§ Data section
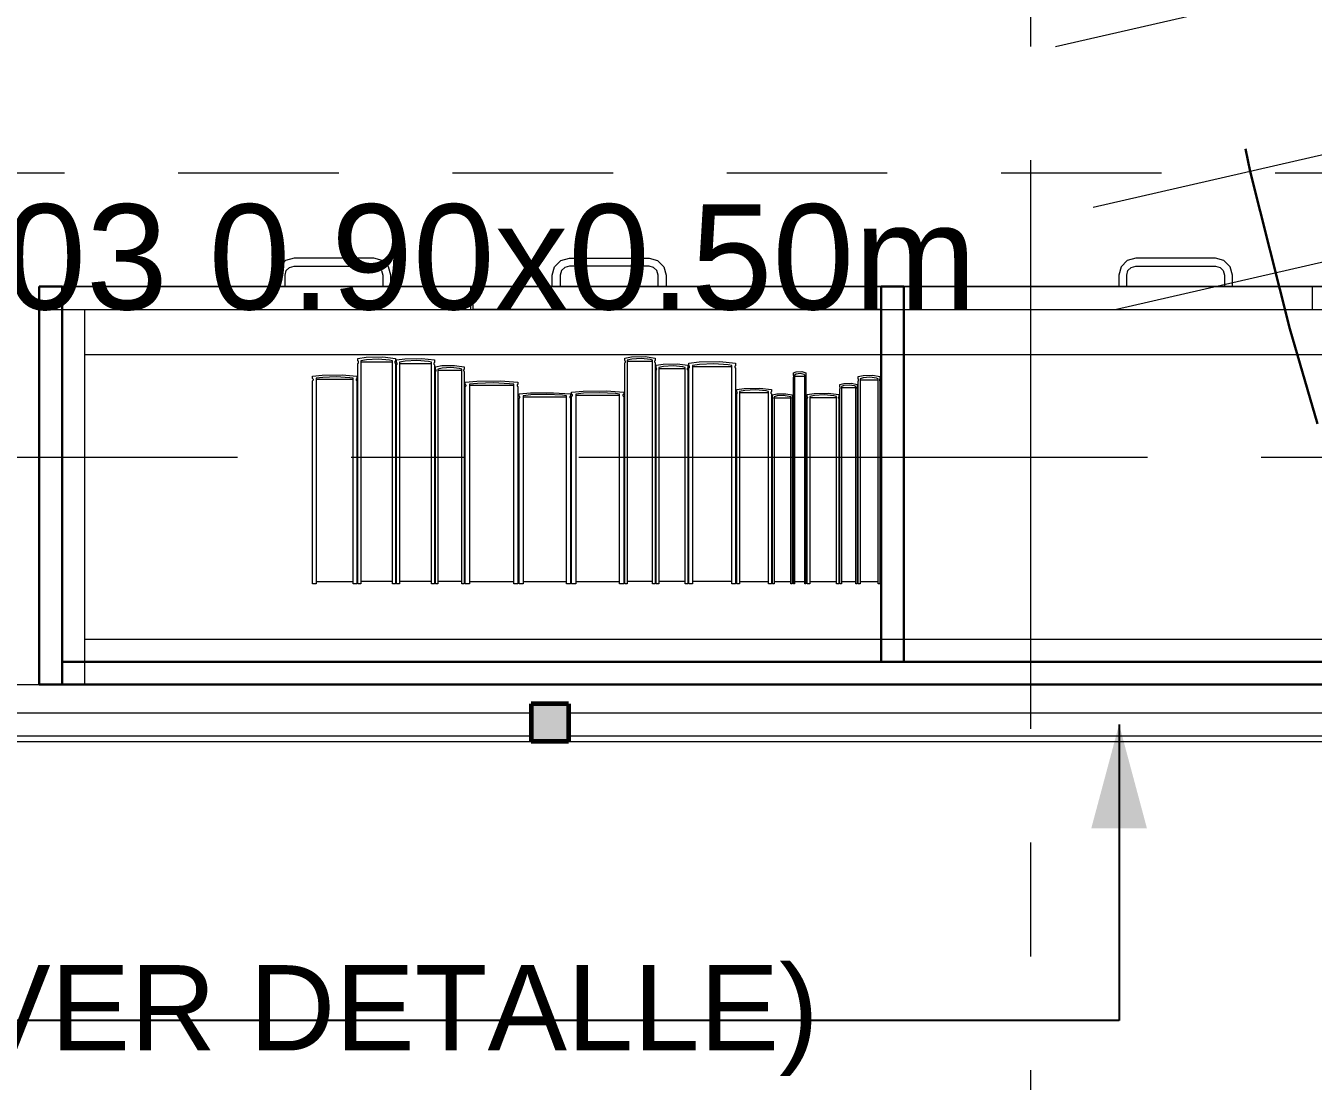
# Model space of a CAD drawing. Header units: inches. Extents: x -19 to 5698, y -728 to 92.
# Drawn here: x 315.659 to 316.791, y 29.401 to 30.329 of the extents above; entities that cross this region are included whole.
import ezdxf

# ---------------------------------------------------------------- set-up
doc = ezdxf.new("R2010")
doc.units = ezdxf.units.IN
doc.header["$MEASUREMENT"] = 0
doc.set_wipeout_variables(frame=1)
for name, pattern in [('HIDDEN', [0.375, 0.25, -0.125]), ('Hidden Line', [0.195611, 0.141111, -0.0545]), ('Punto & Raya', [0.65, 0.5, -0.075, 0, -0.075]), ('RAYITAS', [0.375, 0.25, -0.125]), ('Wipeout_Contour', [1, 0, -1])]:
    doc.linetypes.add(name, pattern=pattern)
doc.layers.get('0').update_dxf_attribs({"color": 61})
for name, color, linetype, lineweight in [('00 conduct tomacorr', 120, 'HIDDEN', 30), ('T-TECHO-E', 150, 'Continuous', 20), ('TOMACORRIENTE', 22, 'RAYITAS', 9)]:
    doc.layers.add(name, color=color, linetype=linetype, lineweight=lineweight)
for name, color, linetype in [('02 _ ARQ _ ALB _ Ejes Generales', 251, 'Continuous'), ('02 _ ARQ _ ZON _ Espacio.3D', 7, 'Continuous'), ('08 _ STR _ EXT _ 09 Vigas', 251, 'Continuous'), ('Acabado - Muros', 7, 'Continuous'), ('Interior - Mobiliario', 7, 'Continuous'), ('Marcador - Secciones', 7, 'Continuous'), ('Notas - Etiquetas', 7, 'Continuous')]:
    doc.layers.add(name, color=color, linetype=linetype)
doc.styles.add('Estilo_Generado_4', font='swisse.ttf')
doc.dimstyles.new('Estilo_Generado__8', dxfattribs={"dimtxt": 0.18, "dimasz": 0.0912, "dimexe": 0.18, "dimexo": 0.0625, "dimgap": 0, "dimtad": 0, "dimtih": 1, "dimtoh": 1, "dimdec": 4, "dimzin": 0, "dimdsep": 46, "dimcen": 0.09, "dimadec": 0, "dimazin": 0, "dimtfac": 1, "dimtdec": 4, "dimtmove": 0, "dimatfit": 3, "dimldrblk": 'ARROWHEAD_5', "dimfxl": 1, "dimtolj": 1, "dimtzin": 0, "dimarcsym": 0})

# ---------------------------------------------------------------- blocks, each defined once
blk = doc.blocks.new('ARROWHEAD_5')
at = {"linetype": 'Continuous', "lineweight": 0}
blk.add_hatch(color=0, dxfattribs=at).paths.add_polyline_path([(-1, 0.2679), (0, 0), (-1, -0.2679)])
at = {"color": 0, "linetype": 'Continuous', "lineweight": 0}
blk.add_line((0, 0), (-1, 0), dxfattribs=at)
blk = doc.blocks.new('a')
at = {"layer": 'TOMACORRIENTE', "ltscale": 0.05}
h = blk.add_hatch(color=4, dxfattribs=at)
edge = h.paths.add_edge_path()
edge.add_arc((0, 0.0752), 0.02106, 0, 360)
at = {"layer": 'TOMACORRIENTE', "color": 4}
for p, q in [((-0.14553, 0.09625), (-0.0515, 0.09625)), ((-0.09851, 0.09625), (-0.09851, -0.09657)), ((0, 0.09625), (0, -0.09625)), ((0.06232, -0.09625), (0.06232, 0.09625))]:
    blk.add_line(p, q, dxfattribs=at)
blk.add_circle((0, 0.0752), 0.02106, dxfattribs=at)
blk = doc.blocks.new('CABLE 3FACE')
at = {"layer": 'T-TECHO-E', "rotation": 59.94170052614085}
blk.add_blockref('a', (0, 0), dxfattribs=at)

msp = doc.modelspace()

# ---------------------------------------------------------------- linework, layer by layer
at = {"layer": '02 _ ARQ _ ZON _ Espacio.3D', "color": 254, "linetype": 'Continuous', "lineweight": 0, "flags": 128}
for points in [[(314.57, 30.6), (315.07, 30.6), (315.0697, 29.75), (317.22, 29.75), (317.22, 39.75), (315.8048, 39.75), (315.8037, 39.4), (315.07, 39.4), (315.07, 39), (314.57, 39)], [(324.17, 27), (324.17, 29.7), (300.57, 29.7), (297.57, 29.7), (297.5701, 17.4)]]:
    msp.add_lwpolyline(points, dxfattribs=at)
at = {"layer": '08 _ STR _ EXT _ 09 Vigas', "color": 251, "linetype": 'Hidden Line', "lineweight": 13, "true_color": 0x636466}
msp.add_line((315.07, 30.2), (321.57, 30.2), dxfattribs=at)
at = {"layer": 'Interior - Mobiliario', "color": 175, "linetype": 'Continuous', "lineweight": 13}
for p, q in [((315.8877, 30.123), (315.8822, 30.1175)), ((315.8952, 30.125), (315.8877, 30.123)), ((315.9652, 30.125), (315.8952, 30.125)), ((315.9727, 30.123), (315.9652, 30.125)), ((315.9782, 30.1175), (315.9727, 30.123)), ((316.1242, 30.1175), (316.1297, 30.123)), ((316.1297, 30.123), (316.1372, 30.125)), ((316.1372, 30.125), (316.2072, 30.125)), ((316.2072, 30.125), (316.2147, 30.123)), ((316.2147, 30.123), (316.2202, 30.1175)), ((316.6277, 30.123), (316.6222, 30.1175)), ((316.6352, 30.125), (316.6277, 30.123)), ((316.7052, 30.125), (316.6352, 30.125)), ((316.7127, 30.123), (316.7052, 30.125)), ((316.7182, 30.1175), (316.7127, 30.123)), ((315.8822, 30.1175), (315.8802, 30.11)), ((315.8802, 30.11), (315.8802, 30.1)), ((315.8872, 30.11), (315.8882, 30.114)), ((315.8872, 30.1), (315.8872, 30.11)), ((315.8882, 30.114), (315.8912, 30.1169)), ((315.8912, 30.1169), (315.8952, 30.118)), ((315.8952, 30.118), (315.9652, 30.118)), ((315.9652, 30.118), (315.9692, 30.1169)), ((315.9692, 30.1169), (315.9721, 30.114)), ((315.9721, 30.114), (315.9732, 30.11)), ((315.9732, 30.11), (315.9732, 30.1)), ((315.9802, 30.11), (315.9782, 30.1175)), ((315.9802, 30.1), (315.9802, 30.11)), ((316.1222, 30.11), (316.1242, 30.1175)), ((316.1222, 30.1), (316.1222, 30.11)), ((316.1302, 30.114), (316.1292, 30.11)), ((316.1292, 30.11), (316.1292, 30.1)), ((316.1332, 30.1169), (316.1302, 30.114)), ((316.1372, 30.118), (316.1332, 30.1169)), ((316.2072, 30.118), (316.1372, 30.118)), ((316.2112, 30.1169), (316.2072, 30.118)), ((316.2141, 30.114), (316.2112, 30.1169)), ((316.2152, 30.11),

§ What to do
In the copy, include no pictures; otherwise transcribe the entries exactly.

§ Finished exercise
# Model space of a CAD drawing. Header units: inches. Extents: x -19 to 5698, y -728 to 92.
# Drawn here: x 315.659 to 316.791, y 29.401 to 30.329 of the extents above; entities that cross this region are included whole.
import ezdxf

# ---------------------------------------------------------------- set-up
doc = ezdxf.new("R2010")
doc.units = ezdxf.units.IN
doc.header["$MEASUREMENT"] = 0
doc.set_wipeout_variables(frame=1)
for name, pattern in [('HIDDEN', [0.375, 0.25, -0.125]), ('Hidden Line', [0.195611, 0.141111, -0.0545]), ('Punto & Raya', [0.65, 0.5, -0.075, 0, -0.075]), ('RAYITAS', [0.375, 0.25, -0.125]), ('Wipeout_Contour', [1, 0, -1])]:
    doc.linetypes.add(name, pattern=pattern)
doc.layers.get('0').update_dxf_attribs({"color": 61})
for name, color, linetype, lineweight in [('00 conduct tomacorr', 120, 'HIDDEN', 30), ('T-TECHO-E', 150, 'Continuous', 20), ('TOMACORRIENTE', 22, 'RAYITAS', 9)]:
    doc.layers.add(name, color=color, linetype=linetype, lineweight=lineweight)
for name, color, linetype in [('02 _ ARQ _ ALB _ Ejes Generales', 251, 'Continuous'), ('02 _ ARQ _ ZON _ Espacio.3D', 7, 'Continuous'), ('08 _ STR _ EXT _ 09 Vigas', 251, 'Continuous'), ('Acabado - Muros', 7, 'Continuous'), ('Interior - Mobiliario', 7, 'Continuous'), ('Marcador - Secciones', 7, 'Continuous'), ('Notas - Etiquetas', 7, 'Continuous')]:
    doc.layers.add(name, color=color, linetype=linetype)
doc.styles.add('Estilo_Generado_4', font='swisse.ttf')
doc.dimstyles.new('Estilo_Generado__8', dxfattribs={"dimtxt": 0.18, "dimasz": 0.0912, "dimexe": 0.18, "dimexo": 0.0625, "dimgap": 0, "dimtad": 0, "dimtih": 1, "dimtoh": 1, "dimdec": 4, "dimzin": 0, "dimdsep": 46, "dimcen": 0.09, "dimadec": 0, "dimazin": 0, "dimtfac": 1, "dimtdec": 4, "dimtmove": 0, "dimatfit": 3, "dimldrblk": 'ARROWHEAD_5', "dimfxl": 1, "dimtolj": 1, "dimtzin": 0, "dimarcsym": 0})

# ---------------------------------------------------------------- blocks, each defined once
blk = doc.blocks.new('ARROWHEAD_5')
at = {"linetype": 'Continuous', "lineweight": 0}
blk.add_hatch(color=0, dxfattribs=at).paths.add_polyline_path([(-1, 0.2679), (0, 0), (-1, -0.2679)])
at = {"color": 0, "linetype": 'Continuous', "lineweight": 0}
blk.add_line((0, 0), (-1, 0), dxfattribs=at)
blk = doc.blocks.new('a')
at = {"layer": 'TOMACORRIENTE', "ltscale": 0.05}
h = blk.add_hatch(color=4, dxfattribs=at)
edge = h.paths.add_edge_path()
edge.add_arc((0, 0.0752), 0.02106, 0, 360)
at = {"layer": 'TOMACORRIENTE', "color": 4}
for p, q in [((-0.14553, 0.09625), (-0.0515, 0.09625)), ((-0.09851, 0.09625), (-0.09851, -0.09657)), ((0, 0.09625), (0, -0.09625)), ((0.06232, -0.09625), (0.06232, 0.09625))]:
    blk.add_line(p, q, dxfattribs=at)
blk.add_circle((0, 0.0752), 0.02106, dxfattribs=at)
blk = doc.blocks.new('CABLE 3FACE')
at = {"layer": 'T-TECHO-E', "rotation": 59.94170052614085}
blk.add_blockref('a', (0, 0), dxfattribs=at)

msp = doc.modelspace()

# ---------------------------------------------------------------- linework, layer by layer
at = {"layer": '02 _ ARQ _ ZON _ Espacio.3D', "color": 254, "linetype": 'Continuous', "lineweight": 0, "flags": 128}
for points in [[(314.57, 30.6), (315.07, 30.6), (315.0697, 29.75), (317.22, 29.75), (317.22, 39.75), (315.8048, 39.75), (315.8037, 39.4), (315.07, 39.4), (315.07, 39), (314.57, 39)], [(324.17, 27), (324.17, 29.7), (300.57, 29.7), (297.57, 29.7), (297.5701, 17.4)]]:
    msp.add_lwpolyline(points, dxfattribs=at)
at = {"layer": '08 _ STR _ EXT _ 09 Vigas', "color": 251, "linetype": 'Hidden Line', "lineweight": 13, "true_color": 0x636466}
msp.add_line((315.07, 30.2), (321.57, 30.2), dxfattribs=at)
at = {"layer": 'Interior - Mobiliario', "color": 175, "linetype": 'Continuous', "lineweight": 13}
for p, q in [((315.8877, 30.123), (315.8822, 30.1175)), ((315.8952, 30.125), (315.8877, 30.123)), ((315.9652, 30.125), (315.8952, 30.125)), ((315.9727, 30.123), (315.9652, 30.125)), ((315.9782, 30.1175), (315.9727, 30.123)), ((316.1242, 30.1175), (316.1297, 30.123)), ((316.1297, 30.123), (316.1372, 30.125)), ((316.1372, 30.125), (316.2072, 30.125)), ((316.2072, 30.125), (316.2147, 30.123)), ((316.2147, 30.123), (316.2202, 30.1175)), ((316.6277, 30.123), (316.6222, 30.1175)), ((316.6352, 30.125), (316.6277, 30.123)), ((316.7052, 30.125), (316.6352, 30.125)), ((316.7127, 30.123), (316.7052, 30.125)), ((316.7182, 30.1175), (316.7127, 30.123)), ((315.8822, 30.1175), (315.8802, 30.11)), ((315.8802, 30.11), (315.8802, 30.1)), ((315.8872, 30.11), (315.8882, 30.114)), ((315.8872, 30.1), (315.8872, 30.11)), ((315.8882, 30.114), (315.8912, 30.1169)), ((315.8912, 30.1169), (315.8952, 30.118)), ((315.8952, 30.118), (315.9652, 30.118)), ((315.9652, 30.118), (315.9692, 30.1169)), ((315.9692, 30.1169), (315.9721, 30.114)), ((315.9721, 30.114), (315.9732, 30.11)), ((315.9732, 30.11), (315.9732, 30.1)), ((315.9802, 30.11), (315.9782, 30.1175)), ((315.9802, 30.1), (315.9802, 30.11)), ((316.1222, 30.11), (316.1242, 30.1175)), ((316.1222, 30.1), (316.1222, 30.11)), ((316.1302, 30.114), (316.1292, 30.11)), ((316.1292, 30.11), (316.1292, 30.1)), ((316.1332, 30.1169), (316.1302, 30.114)), ((316.1372, 30.118), (316.1332, 30.1169)), ((316.2072, 30.118), (316.1372, 30.118)), ((316.2112, 30.1169), (316.2072, 30.118)), ((316.2141, 30.114), (316.2112, 30.1169)), ((316.2152, 30.11),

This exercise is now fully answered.